Entre ces deux ouvrages irremplaçables, de nombreuses passerelles, de nombreux passages. Aucun, je crois, sauf peut-être, l'évocation d'Abellio, commune aux deux auteurs, n'est plus attirant et secret que le portrait d'Ezra Pound, un de mes actes de lecture manqué lorsque, en hypokhâgne je crois, je commençais à lire les Cantos dans une édition de poche, le regard dubitatif, soupçonneux de mon professeur de français ajoutant à mon embarras face à une prose aussi complexe, essentielle, hermétique bien souvent.
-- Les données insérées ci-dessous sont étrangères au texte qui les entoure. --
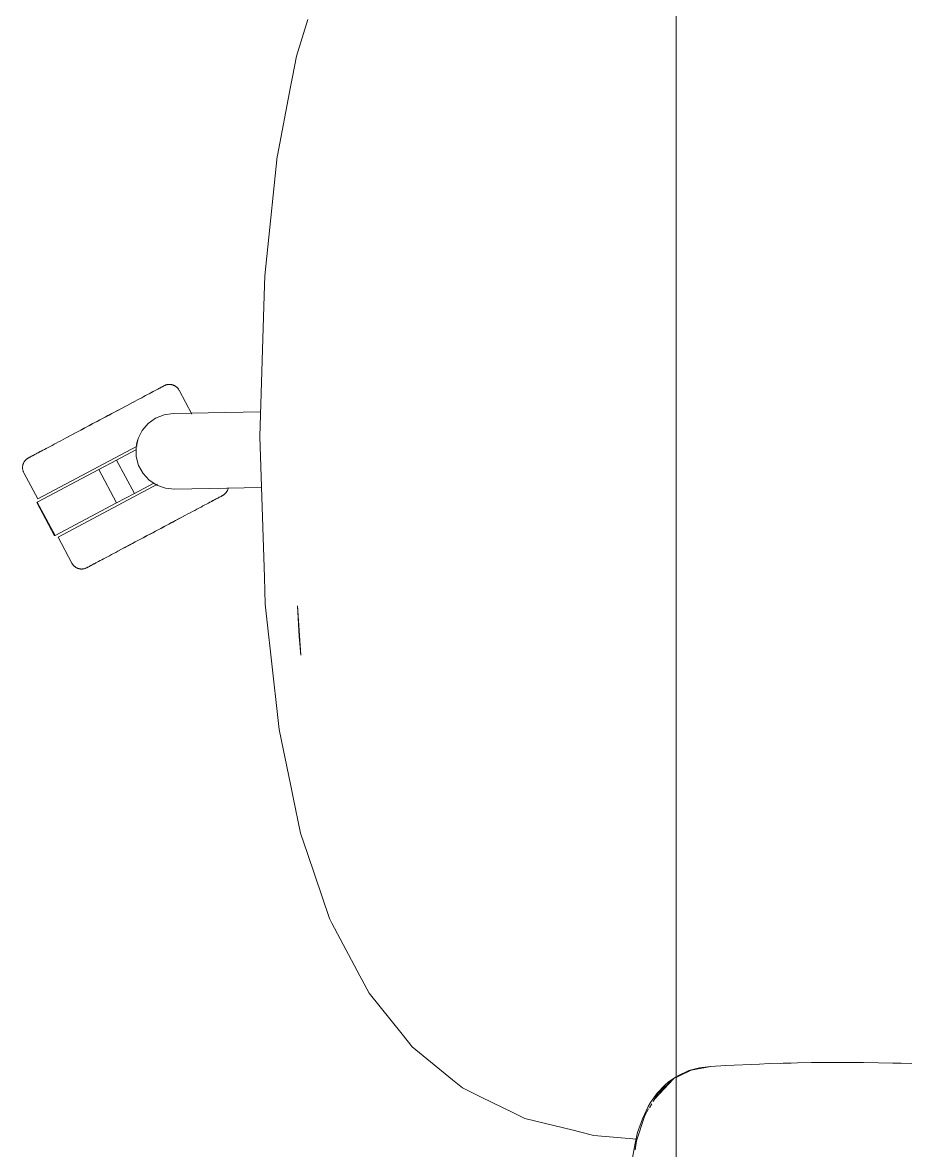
# Model space of a CAD drawing. Header units: millimetres. Extents: x 155927 to 317870, y -36033 to 97293.
# Drawn here: x 186901.5 to 187228.4, y 30466.3 to 30883.4 of the extents above; entities that cross this region are included whole.
import ezdxf

# ---------------------------------------------------------------- set-up
doc = ezdxf.new("R2010")
doc.units = ezdxf.units.MM
doc.header["$MEASUREMENT"] = 0
doc.layers.add('G-IMPT', color=8, linetype='CONTINUOUS', lineweight=9)
doc.layers.add('I-FURN', color=8, linetype='CONTINUOUS', lineweight=9)

msp = doc.modelspace()

# ---------------------------------------------------------------- linework, layer by layer
at = {"layer": 'G-IMPT'}
for p, q in [((187006.97, 30884.58), (187002.78, 30870.97)), ((187002.78, 30870.97), (187001.32, 30863.37)), ((187000.62, 30859.7), (187001.32, 30863.37)), ((187000.62, 30859.7), (186995.75, 30834.32)), ((186995.66, 30833.86), (186991.84, 30796.87)), ((186995.66, 30833.86), (186995.75, 30834.32)), ((186991.84, 30796.87), (186991.11, 30789.8)), ((186990.88, 30782.54), (186991.11, 30789.8)), ((186989.26, 30730.38), (186990.88, 30782.54)), ((186990.97, 30678.2), (186989.26, 30730.38)), ((186990.97, 30678.2), (186991.29, 30668.26)), ((186991.77, 30663.88), (186991.29, 30668.26)), ((187003.17, 30667.72), (187004.42, 30649.44)), ((187003.17, 30667.72), (187003.81, 30656.39)), ((186991.77, 30663.88), (186995.9, 30626.44)), ((187004.42, 30649.44), (187003.81, 30656.39)), ((186996.39, 30622.02), (186995.9, 30626.44)), ((187000.74, 30601.08), (186996.39, 30622.02)), ((187000.74, 30601.08), (187001.5, 30597.4)), ((187001.5, 30597.4), (187004.37, 30583.58)), ((187006.89, 30576.14), (187004.37, 30583.58)), ((187006.89, 30576.14), (187015.04, 30552.05)), ((187015.91, 30550.39), (187015.04, 30552.05)), ((187026.21, 30530.88), (187015.91, 30550.39)), ((187026.21, 30530.88), (187026.94, 30529.51)), ((187029.65, 30524.38), (187026.94, 30529.51)), ((187029.65, 30524.38), (187041.85, 30509.24)), ((187045.61, 30504.58), (187041.85, 30509.24)), ((187060.56, 30492.41), (187045.61, 30504.58)), ((187143.59, 30493.79), (187147.92, 30495.78)), ((187144.5, 30493.87), (187148.76, 30495.97)), ((187151.87, 30496.84), (187147.92, 30495.78)), ((187148.76, 30495.97), (187156.1, 30497.34)), ((187155.88, 30497.34), (187151.87, 30496.84)), ((187161.54, 30497.63), (187155.88, 30497.34)), ((187161.54, 30497.63), (187174.1, 30498.24)), ((187177.65, 30498.37), (187174.1, 30498.24)), ((187193.32, 30498.74), (187177.65, 30498.37)), ((187181.69, 30498.45), (187184.37, 30498.57)), ((187185.8, 30498.57), (187184.37, 30498.57)), ((187193.32, 30498.74), (187197.83, 30498.8)), ((187197.83, 30498.8), (187212.54, 30498.79)), ((187218.01, 30498.72), (187212.54, 30498.79)), ((187218.01, 30498.72), (187230.32, 30498.42)), ((187224.79, 30498.58), (187223.39, 30498.58)), ((187226.45, 30498.5), (187224.79, 30498.58)), ((187060.56, 30492.41), (187064.21, 30489.43)), ((187135.36, 30485.37), (187142.26, 30492.77)), ((187136.55, 30487.46), (187142.26, 30492.77)), ((187139.05, 30490.45), (187140.37, 30491.59)), ((187142.26, 30492.77), (187139.85, 30490.53)), ((187143.23, 30493.54), (187140.37, 30491.59)), ((187144.5, 30493.87), (187143.23, 30493.24)), ((187064.21, 30489.43), (187071.38, 30485.91)), ((187136.18, 30487.41), (187133.74, 30483.95)), ((187134.67, 30484.31), (187136.55, 30487.46)), ((187135.36, 30485.37), (187136.64, 30486.84)), ((187139.05, 30490.45), (187136.18, 30487.41)), ((187136.77, 30487), (187139.85, 30490.53)), ((187082.85, 30480.26), (187071.38, 30485.91)), ((187130.73, 30477.94), (187132.93, 30482.58)), ((187132.93, 30482.58), (187133.74, 30483.95)), ((187133.34, 30482.08), (187134.2, 30483.52)), ((187082.85, 30480.26), (187087.21, 30478.11)), ((187128.56, 30469.77), (187131.59, 30479.16)), ((187131.59, 30479.16), (187133.06, 30481.61)), ((187087.21, 30478.11), (187105.15, 30473.71)), ((187128.99, 30472.85), (187130.73, 30477.94)), ((187105.15, 30473.71), (187107.52, 30473.13)), ((187112.82, 30471.83), (187107.52, 30473.13)), ((187128.69, 30470.39), (187112.82, 30471.83)), ((187128.99, 30472.85), (187128.01, 30468.93)), ((187128.01, 30468.93), (187126.89, 30462.17)), ((187128.1, 30466.48), (187128.56, 30469.77))]:
    msp.add_line(p, q, dxfattribs=at)
at = {"layer": 'I-FURN'}
for p, q in [((187143.23, 30008.14), (187143.23, 31408.14)), ((187143.23, 31408.14), (187143.23, 30008.14)), ((186954.38, 30749.33), (186954.53, 30749.39)), ((186954.53, 30749.39), (186954.69, 30749.44)), ((186954.69, 30749.44), (186954.84, 30749.48)), ((186954.84, 30749.48), (186955, 30749.52)), ((186955, 30749.52), (186955.16, 30749.55)), ((186955.16, 30749.55), (186955.32, 30749.57)), ((186955.32, 30749.57), (186955.48, 30749.59)), ((186955.48, 30749.59), (186955.64, 30749.6)), ((186955.64, 30749.6), (186955.8, 30749.6)), ((186955.8, 30749.6), (186955.96, 30749.6)), ((186955.96, 30749.6), (186956.12, 30749.59)), ((186956.12, 30749.59), (186956.28, 30749.58)), ((186956.28, 30749.58), (186956.44, 30749.56)), ((186956.44, 30749.56), (186956.6, 30749.53)), ((186956.6, 30749.53), (186956.76, 30749.5)), ((186956.76, 30749.5), (186956.91, 30749.46)), ((186956.91, 30749.46), (186957.07, 30749.41)), ((186957.07, 30749.41), (186957.22, 30749.36)), ((186957.22, 30749.36), (186957.37, 30749.3)), ((186947.02, 30745.45), (186946.32, 30745.08)), ((186947.7, 30745.81), (186947.02, 30745.45)), ((186948.35, 30746.16), (186947.7, 30745.81)), ((186948.97, 30746.49), (186948.35, 30746.16)), ((186949.55, 30746.8), (186948.97, 30746.49)), ((186949.24, 30746.63), (186949.81, 30746.93)), ((186950.1, 30747.09), (186949.55, 30746.8)), ((186949.81, 30746.93), (186950.34, 30747.22)), ((186950.62, 30747.36), (186950.1, 30747.09)), ((186950.34, 30747.22), (186950.85, 30747.48)), ((186951.1, 30747.62), (186950.62, 30747.36)), ((186950.85, 30747.48), (186951.31, 30747.73)), ((186951.55, 30747.86), (186951.1, 30747.62)), ((186951.31, 30747.73), (186951.74, 30747.96)), ((186951.96, 30748.08), (186951.55, 30747.86)), ((186951.74, 30747.96), (186952.13, 30748.17)), ((186952.33, 30748.27), (186951.96, 30748.08)), ((186952.13, 30748.17), (186952.49, 30748.36)), ((186952.67, 30748.45), (186952.33, 30748.27)), ((186952.49, 30748.36), (186952.81, 30748.53)), ((186952.96, 30748.61), (186952.67, 30748.45)), ((186952.81, 30748.53), (186953.09, 30748.68)), ((186953.22, 30748.75), (186952.96, 30748.61)), ((186953.09, 30748.68), (186953.33, 30748.8)), ((186953.44, 30748.86), (186953.22, 30748.75)), ((186953.33, 30748.8), (186953.53, 30748.91)), ((186953.62, 30748.96), (186953.44, 30748.86)), ((186953.53, 30748.91), (186953.69, 30749)), ((186953.76, 30749.04), (186953.62, 30748.96)), ((186953.69, 30749), (186953.81, 30749.06)), ((186953.86, 30749.09), (186953.76, 30749.04)), ((186953.81, 30749.06), (186953.89, 30749.11)), ((186953.92, 30749.12), (186953.86, 30749.09)), ((186953.89, 30749.11), (186953.94, 30749.13)), ((186953.94, 30749.13), (186953.92, 30749.12)), ((186953.94, 30749.13), (186954.09, 30749.2)), ((186953.94, 30749.13), (186953.94, 30749.13)), ((186954.09, 30749.2), (186954.23, 30749.27)), ((186954.23, 30749.27), (186954.38, 30749.33)), ((186957.37, 30749.3), (186957.52, 30749.23)), ((186957.52, 30749.23), (186957.66, 30749.16)), ((186957.66, 30749.16), (186957.81, 30749.09)), ((186957.81, 30749.09), (186957.94, 30749.01)), ((186957.94, 30749.01), (186958.08, 30748.92)), ((186958.08, 30748.92), (186958.21, 30748.83)), ((186958.21, 30748.83), (186958.34, 30748.73)), ((186958.34, 30748.73), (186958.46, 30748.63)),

Résumons-nous : la fine biographie écrite par Jean-Luc Barré m'a donné envie de lire ou de relire Dominique de Roux, celle de Sarah Vajda m'a dissuadé de lire les bizarres ouvrages de celui, Hallier, qui se rêva grand écrivain et ne fut que pitre surnuméraire, leur préférant et de loin les propres livres de Sarah, comme cette biographie de Barrès que je vais lire de toute urgence. C'est que Barré est un ouvrier honnête (je tiens ce qualificatif pour un compliment) et Vajda, dans la démesure et, parfois, la confusion de son écriture, un véritable écrivain qui eût dû, pour maîtriser le flot torrentiel, confronter sa propre maîtrise littéraire aux fulgurantes sécheresses d'un Dominique de Roux. Hallier, en somme, ressemble trop à son biographe si je puis dire et, par avance, en incarne les démons contradictoires.
Pour finir, ces deux livres me conduisent, de nouveau, devant les figures solitaires et terriblement silencieuses, injustement tues et effacées, de Pound et d'Abellio.
Parfois, comme par miracle, un siècle tout entier est sauvé de l'insignifiance par quelques brefs éclats d'amitiés remarquables.